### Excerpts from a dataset
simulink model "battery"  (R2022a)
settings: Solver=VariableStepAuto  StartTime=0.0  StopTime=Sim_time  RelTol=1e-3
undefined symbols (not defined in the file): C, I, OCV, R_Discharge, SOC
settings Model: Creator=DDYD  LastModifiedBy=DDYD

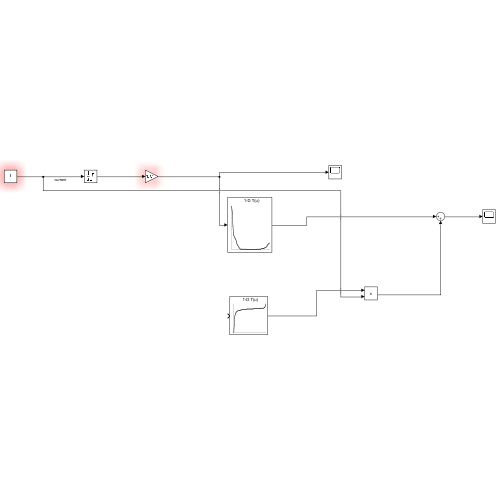
[thumbnail: Simulink's stored preview of the top-level diagram]
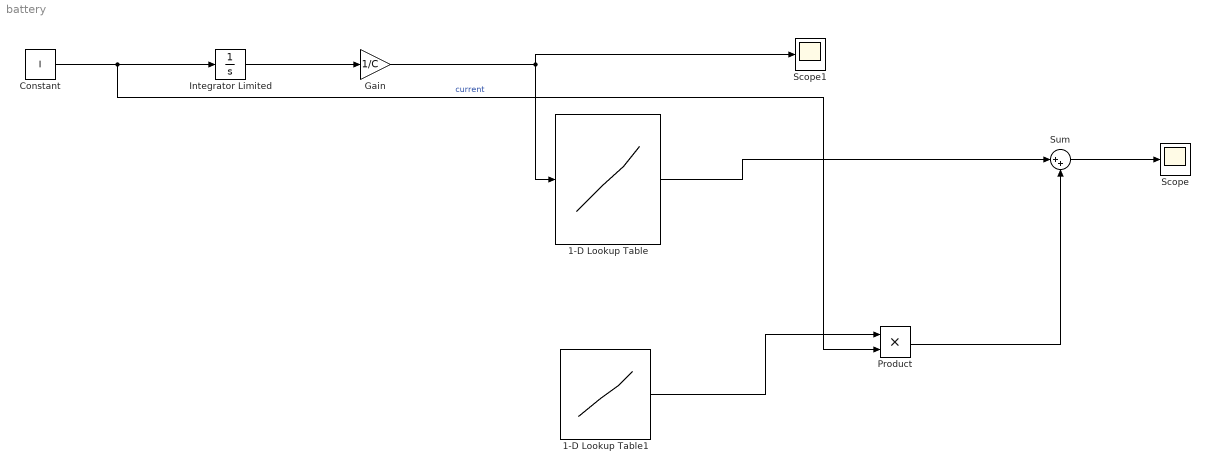
== system battery ==
  1-D Lookup Table : Lookup_n-D  NumberOfTableDimensions=1  BreakpointsForDimension1=SOC  Table=R_Discharge  InternalRulePriority=Speed  RndMeth=Simplest
  1-D Lookup Table1 : Lookup_n-D  NumberOfTableDimensions=1  BreakpointsForDimension1=SOC  Table=OCV  InternalRulePriority=Speed  RndMeth=Simplest
  Constant : Constant  Value=I
  Gain : Gain  Gain=1/C
  Integrator Limited : Integrator  LimitOutput=on  UpperSaturationLimit=1  LowerSaturationLimit=0
  Product : Product
  Scope : Scope
  Scope1 : Scope
  Sum : Sum  Inputs=|++
  wires:
  Constant/1 -> Product/2, Integrator Limited/1  "current"
  Integrator Limited/1 -> Gain/1
  Gain/1 -> Scope1/1, 1-D Lookup Table/1
  1-D Lookup Table1/1 -> Product/1
  Product/1 -> Sum/2
  1-D Lookup Table/1 -> Sum/1
  Sum/1 -> Scope/1

### THE TASK
Could you reproduce the records above exactly, leaving out every picture?

### RESULT OF THE EXERCISE
simulink model "battery"  (R2022a)
settings: Solver=VariableStepAuto  StartTime=0.0  StopTime=Sim_time  RelTol=1e-3
undefined symbols (not defined in the file): C, I, OCV, R_Discharge, SOC
settings Model: Creator=DDYD  LastModifiedBy=DDYD

[thumbnail: Simulink's stored preview of the top-level diagram]
== system battery ==
  1-D Lookup Table : Lookup_n-D  NumberOfTableDimensions=1  BreakpointsForDimension1=SOC  Table=R_Discharge  InternalRulePriority=Speed  RndMeth=Simplest
  1-D Lookup Table1 : Lookup_n-D  NumberOfTableDimensions=1  BreakpointsForDimension1=SOC  Table=OCV  InternalRulePriority=Speed  RndMeth=Simplest
  Constant : Constant  Value=I
  Gain : Gain  Gain=1/C
  Integrator Limited : Integrator  LimitOutput=on  UpperSaturationLimit=1  LowerSaturationLimit=0
  Product : Product
  Scope : Scope
  Scope1 : Scope
  Sum : Sum  Inputs=|++
  wires:
  Constant/1 -> Product/2, Integrator Limited/1  "current"
  Integrator Limited/1 -> Gain/1
  Gain/1 -> Scope1/1, 1-D Lookup Table/1
  1-D Lookup Table1/1 -> Product/1
  Product/1 -> Sum/2
  1-D Lookup Table/1 -> Sum/1
  Sum/1 -> Scope/1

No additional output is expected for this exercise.